▶ [ABOUT THIS EXERCISE] Make an exact copy of the records below. Include every line.
______
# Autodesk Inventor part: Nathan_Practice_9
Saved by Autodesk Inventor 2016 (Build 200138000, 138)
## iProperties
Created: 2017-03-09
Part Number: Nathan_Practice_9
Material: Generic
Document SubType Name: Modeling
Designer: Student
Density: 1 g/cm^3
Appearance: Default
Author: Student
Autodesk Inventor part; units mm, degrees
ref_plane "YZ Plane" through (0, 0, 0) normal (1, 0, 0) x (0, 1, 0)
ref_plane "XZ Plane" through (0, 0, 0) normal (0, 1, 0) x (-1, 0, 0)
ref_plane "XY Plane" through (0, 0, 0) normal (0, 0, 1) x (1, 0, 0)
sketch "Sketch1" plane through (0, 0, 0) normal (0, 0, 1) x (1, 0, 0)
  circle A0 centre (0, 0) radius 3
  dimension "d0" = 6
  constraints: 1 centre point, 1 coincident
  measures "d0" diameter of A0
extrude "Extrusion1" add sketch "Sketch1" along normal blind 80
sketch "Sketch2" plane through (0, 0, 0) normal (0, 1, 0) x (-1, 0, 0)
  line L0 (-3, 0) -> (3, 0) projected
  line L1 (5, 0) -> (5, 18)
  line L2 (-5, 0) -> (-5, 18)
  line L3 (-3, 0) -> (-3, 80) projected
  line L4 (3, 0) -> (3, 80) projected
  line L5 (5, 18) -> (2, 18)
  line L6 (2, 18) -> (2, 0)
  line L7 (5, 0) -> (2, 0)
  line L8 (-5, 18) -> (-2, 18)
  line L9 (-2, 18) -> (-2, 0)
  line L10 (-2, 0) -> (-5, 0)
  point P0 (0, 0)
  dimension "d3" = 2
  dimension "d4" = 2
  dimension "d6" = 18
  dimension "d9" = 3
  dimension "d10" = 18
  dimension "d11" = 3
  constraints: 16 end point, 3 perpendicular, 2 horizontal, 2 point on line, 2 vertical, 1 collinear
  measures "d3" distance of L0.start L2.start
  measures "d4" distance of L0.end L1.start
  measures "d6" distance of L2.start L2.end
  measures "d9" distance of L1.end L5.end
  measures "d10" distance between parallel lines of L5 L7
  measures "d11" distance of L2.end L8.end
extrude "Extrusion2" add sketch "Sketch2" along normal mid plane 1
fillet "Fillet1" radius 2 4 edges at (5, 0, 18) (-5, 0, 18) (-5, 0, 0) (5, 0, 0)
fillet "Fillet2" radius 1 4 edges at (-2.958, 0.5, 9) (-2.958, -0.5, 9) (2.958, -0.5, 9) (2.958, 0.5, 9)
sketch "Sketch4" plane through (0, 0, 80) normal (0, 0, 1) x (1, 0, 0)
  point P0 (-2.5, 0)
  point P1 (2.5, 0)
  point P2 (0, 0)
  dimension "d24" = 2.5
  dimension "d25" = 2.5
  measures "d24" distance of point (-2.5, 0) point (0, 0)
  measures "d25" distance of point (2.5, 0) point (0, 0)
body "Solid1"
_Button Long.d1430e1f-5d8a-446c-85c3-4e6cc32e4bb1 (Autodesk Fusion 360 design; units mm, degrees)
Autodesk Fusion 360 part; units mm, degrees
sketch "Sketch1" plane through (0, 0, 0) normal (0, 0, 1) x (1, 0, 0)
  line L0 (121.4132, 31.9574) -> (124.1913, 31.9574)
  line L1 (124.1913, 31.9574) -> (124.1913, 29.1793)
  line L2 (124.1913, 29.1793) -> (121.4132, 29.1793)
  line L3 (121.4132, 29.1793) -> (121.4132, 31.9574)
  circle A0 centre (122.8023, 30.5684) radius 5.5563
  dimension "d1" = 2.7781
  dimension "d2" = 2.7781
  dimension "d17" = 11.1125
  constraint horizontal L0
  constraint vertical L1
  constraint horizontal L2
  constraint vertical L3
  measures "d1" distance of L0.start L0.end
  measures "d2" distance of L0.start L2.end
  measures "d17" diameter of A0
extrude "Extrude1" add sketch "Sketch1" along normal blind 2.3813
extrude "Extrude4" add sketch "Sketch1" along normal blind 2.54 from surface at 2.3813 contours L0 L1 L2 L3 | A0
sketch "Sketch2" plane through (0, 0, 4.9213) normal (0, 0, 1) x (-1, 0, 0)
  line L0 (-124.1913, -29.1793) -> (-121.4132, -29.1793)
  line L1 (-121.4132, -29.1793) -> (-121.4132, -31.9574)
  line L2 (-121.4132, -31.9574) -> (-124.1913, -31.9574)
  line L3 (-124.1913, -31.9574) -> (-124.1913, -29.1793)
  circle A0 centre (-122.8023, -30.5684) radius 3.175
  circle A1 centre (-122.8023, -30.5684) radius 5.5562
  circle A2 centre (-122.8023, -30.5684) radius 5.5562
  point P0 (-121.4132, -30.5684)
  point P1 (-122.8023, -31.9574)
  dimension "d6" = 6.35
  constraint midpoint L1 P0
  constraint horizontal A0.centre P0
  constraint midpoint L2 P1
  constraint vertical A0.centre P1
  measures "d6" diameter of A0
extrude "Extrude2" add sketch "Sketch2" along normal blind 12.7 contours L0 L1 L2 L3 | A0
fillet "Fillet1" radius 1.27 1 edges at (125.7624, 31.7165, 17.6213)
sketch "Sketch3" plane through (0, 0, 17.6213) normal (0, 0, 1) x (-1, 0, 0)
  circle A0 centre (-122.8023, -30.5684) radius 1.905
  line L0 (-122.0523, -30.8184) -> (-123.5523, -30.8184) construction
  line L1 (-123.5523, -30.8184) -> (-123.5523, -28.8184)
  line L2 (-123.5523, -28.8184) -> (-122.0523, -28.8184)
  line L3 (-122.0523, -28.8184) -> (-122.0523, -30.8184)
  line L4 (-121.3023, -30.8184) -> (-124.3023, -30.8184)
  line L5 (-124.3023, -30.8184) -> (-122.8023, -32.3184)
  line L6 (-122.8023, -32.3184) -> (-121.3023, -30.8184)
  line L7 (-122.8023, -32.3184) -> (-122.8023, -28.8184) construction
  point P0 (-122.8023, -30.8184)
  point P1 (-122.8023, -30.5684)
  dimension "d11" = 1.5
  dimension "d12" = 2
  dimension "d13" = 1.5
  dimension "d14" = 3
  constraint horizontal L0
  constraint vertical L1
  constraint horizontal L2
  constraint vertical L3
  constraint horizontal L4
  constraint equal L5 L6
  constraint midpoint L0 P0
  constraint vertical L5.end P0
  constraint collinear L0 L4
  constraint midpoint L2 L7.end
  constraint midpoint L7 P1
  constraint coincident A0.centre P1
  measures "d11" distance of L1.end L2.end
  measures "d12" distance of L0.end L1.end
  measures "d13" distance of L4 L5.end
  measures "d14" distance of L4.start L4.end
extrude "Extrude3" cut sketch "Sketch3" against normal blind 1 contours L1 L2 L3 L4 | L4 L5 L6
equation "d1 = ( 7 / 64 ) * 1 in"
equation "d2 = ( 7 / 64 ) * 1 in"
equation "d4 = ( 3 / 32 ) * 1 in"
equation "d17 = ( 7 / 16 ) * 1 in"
______
▶ [EXERCISE RESULT]
# Autodesk Inventor part: Nathan_Practice_9
Saved by Autodesk Inventor 2016 (Build 200138000, 138)
## iProperties
Created: 2017-03-09
Part Number: Nathan_Practice_9
Material: Generic
Document SubType Name: Modeling
Designer: Student
Density: 1 g/cm^3
Appearance: Default
Author: Student
Autodesk Inventor part; units mm, degrees
ref_plane "YZ Plane" through (0, 0, 0) normal (1, 0, 0) x (0, 1, 0)
ref_plane "XZ Plane" through (0, 0, 0) normal (0, 1, 0) x (-1, 0, 0)
ref_plane "XY Plane" through (0, 0, 0) normal (0, 0, 1) x (1, 0, 0)
sketch "Sketch1" plane through (0, 0, 0) normal (0, 0, 1) x (1, 0, 0)
  circle A0 centre (0, 0) radius 3
  dimension "d0" = 6
  constraints: 1 centre point, 1 coincident
  measures "d0" diameter of A0
extrude "Extrusion1" add sketch "Sketch1" along normal blind 80
sketch "Sketch2" plane through (0, 0, 0) normal (0, 1, 0) x (-1, 0, 0)
  line L0 (-3, 0) -> (3, 0) projected
  line L1 (5, 0) -> (5, 18)
  line L2 (-5, 0) -> (-5, 18)
  line L3 (-3, 0) -> (-3, 80) projected
  line L4 (3, 0) -> (3, 80) projected
  line L5 (5, 18) -> (2, 18)
  line L6 (2, 18) -> (2, 0)
  line L7 (5, 0) -> (2, 0)
  line L8 (-5, 18) -> (-2, 18)
  line L9 (-2, 18) -> (-2, 0)
  line L10 (-2, 0) -> (-5, 0)
  point P0 (0, 0)
  dimension "d3" = 2
  dimension "d4" = 2
  dimension "d6" = 18
  dimension "d9" = 3
  dimension "d10" = 18
  dimension "d11" = 3
  constraints: 16 end point, 3 perpendicular, 2 horizontal, 2 point on line, 2 vertical, 1 collinear
  measures "d3" distance of L0.start L2.start
  measures "d4" distance of L0.end L1.start
  measures "d6" distance of L2.start L2.end
  measures "d9" distance of L1.end L5.end
  measures "d10" distance between parallel lines of L5 L7
  measures "d11" distance of L2.end L8.end
extrude "Extrusion2" add sketch "Sketch2" along normal mid plane 1
fillet "Fillet1" radius 2 4 edges at (5, 0, 18) (-5, 0, 18) (-5, 0, 0) (5, 0, 0)
fillet "Fillet2" radius 1 4 edges at (-2.958, 0.5, 9) (-2.958, -0.5, 9) (2.958, -0.5, 9) (2.958, 0.5, 9)
sketch "Sketch4" plane through (0, 0, 80) normal (0, 0, 1) x (1, 0, 0)
  point P0 (-2.5, 0)
  point P1 (2.5, 0)
  point P2 (0, 0)
  dimension "d24" = 2.5
  dimension "d25" = 2.5
  measures "d24" distance of point (-2.5, 0) point (0, 0)
  measures "d25" distance of point (2.5, 0) point (0, 0)
body "Solid1"
_Button Long.d1430e1f-5d8a-446c-85c3-4e6cc32e4bb1 (Autodesk Fusion 360 design; units mm, degrees)
Autodesk Fusion 360 part; units mm, degrees
sketch "Sketch1" plane through (0, 0, 0) normal (0, 0, 1) x (1, 0, 0)
  line L0 (121.4132, 31.9574) -> (124.1913, 31.9574)
  line L1 (124.1913, 31.9574) -> (124.1913, 29.1793)
  line L2 (124.1913, 29.1793) -> (121.4132, 29.1793)
  line L3 (121.4132, 29.1793) -> (121.4132, 31.9574)
  circle A0 centre (122.8023, 30.5684) radius 5.5563
  dimension "d1" = 2.7781
  dimension "d2" = 2.7781
  dimension "d17" = 11.1125
  constraint horizontal L0
  constraint vertical L1
  constraint horizontal L2
  constraint vertical L3
  measures "d1" distance of L0.start L0.end
  measures "d2" distance of L0.start L2.end
  measures "d17" diameter of A0
extrude "Extrude1" add sketch "Sketch1" along normal blind 2.3813
extrude "Extrude4" add sketch "Sketch1" along normal blind 2.54 from surface at 2.3813 contours L0 L1 L2 L3 | A0
sketch "Sketch2" plane through (0, 0, 4.9213) normal (0, 0, 1) x (-1, 0, 0)
  line L0 (-124.1913, -29.1793) -> (-121.4132, -29.1793)
  line L1 (-121.4132, -29.1793) -> (-121.4132, -31.9574)
  line L2 (-121.4132, -31.9574) -> (-124.1913, -31.9574)
  line L3 (-124.1913, -31.9574) -> (-124.1913, -29.1793)
  circle A0 centre (-122.8023, -30.5684) radius 3.175
  circle A1 centre (-122.8023, -30.5684) radius 5.5562
  circle A2 centre (-122.8023, -30.5684) radius 5.5562
  point P0 (-121.4132, -30.5684)
  point P1 (-122.8023, -31.9574)
  dimension "d6" = 6.35
  constraint midpoint L1 P0
  constraint horizontal A0.centre P0
  constraint midpoint L2 P1
  constraint vertical A0.centre P1
  measures "d6" diameter of A0
extrude "Extrude2" add sketch "Sketch2" along normal blind 12.7 contours L0 L1 L2 L3 | A0
fillet "Fillet1" radius 1.27 1 edges at (125.7624, 31.7165, 17.6213)
sketch "Sketch3" plane through (0, 0, 17.6213) normal (0, 0, 1) x (-1, 0, 0)
  circle A0 centre (-122.8023, -30.5684) radius 1.905
  line L0 (-122.0523, -30.8184) -> (-123.5523, -30.8184) construction
  line L1 (-123.5523, -30.8184) -> (-123.5523, -28.8184)
  line L2 (-123.5523, -28.8184) -> (-122.0523, -28.8184)
  line L3 (-122.0523, -28.8184) -> (-122.0523, -30.8184)
  line L4 (-121.3023, -30.8184) -> (-124.3023, -30.8184)
  line L5 (-124.3023, -30.8184) -> (-122.8023, -32.3184)
  line L6 (-122.8023, -32.3184) -> (-121.3023, -30.8184)
  line L7 (-122.8023, -32.3184) -> (-122.8023, -28.8184) construction
  point P0 (-122.8023, -30.8184)
  point P1 (-122.8023, -30.5684)
  dimension "d11" = 1.5
  dimension "d12" = 2
  dimension "d13" = 1.5
  dimension "d14" = 3
  constraint horizontal L0
  constraint vertical L1
  constraint horizontal L2
  constraint vertical L3
  constraint horizontal L4
  constraint equal L5 L6
  constraint midpoint L0 P0
  constraint vertical L5.end P0
  constraint collinear L0 L4
  constraint midpoint L2 L7.end
  constraint midpoint L7 P1
  constraint coincident A0.centre P1
  measures "d11" distance of L1.end L2.end
  measures "d12" distance of L0.end L1.end
  measures "d13" distance of L4 L5.end
  measures "d14" distance of L4.start L4.end
extrude "Extrude3" cut sketch "Sketch3" against normal blind 1 contours L1 L2 L3 L4 | L4 L5 L6
equation "d1 = ( 7 / 64 ) * 1 in"
equation "d2 = ( 7 / 64 ) * 1 in"
equation "d4 = ( 3 / 32 ) * 1 in"
equation "d17 = ( 7 / 16 ) * 1 in"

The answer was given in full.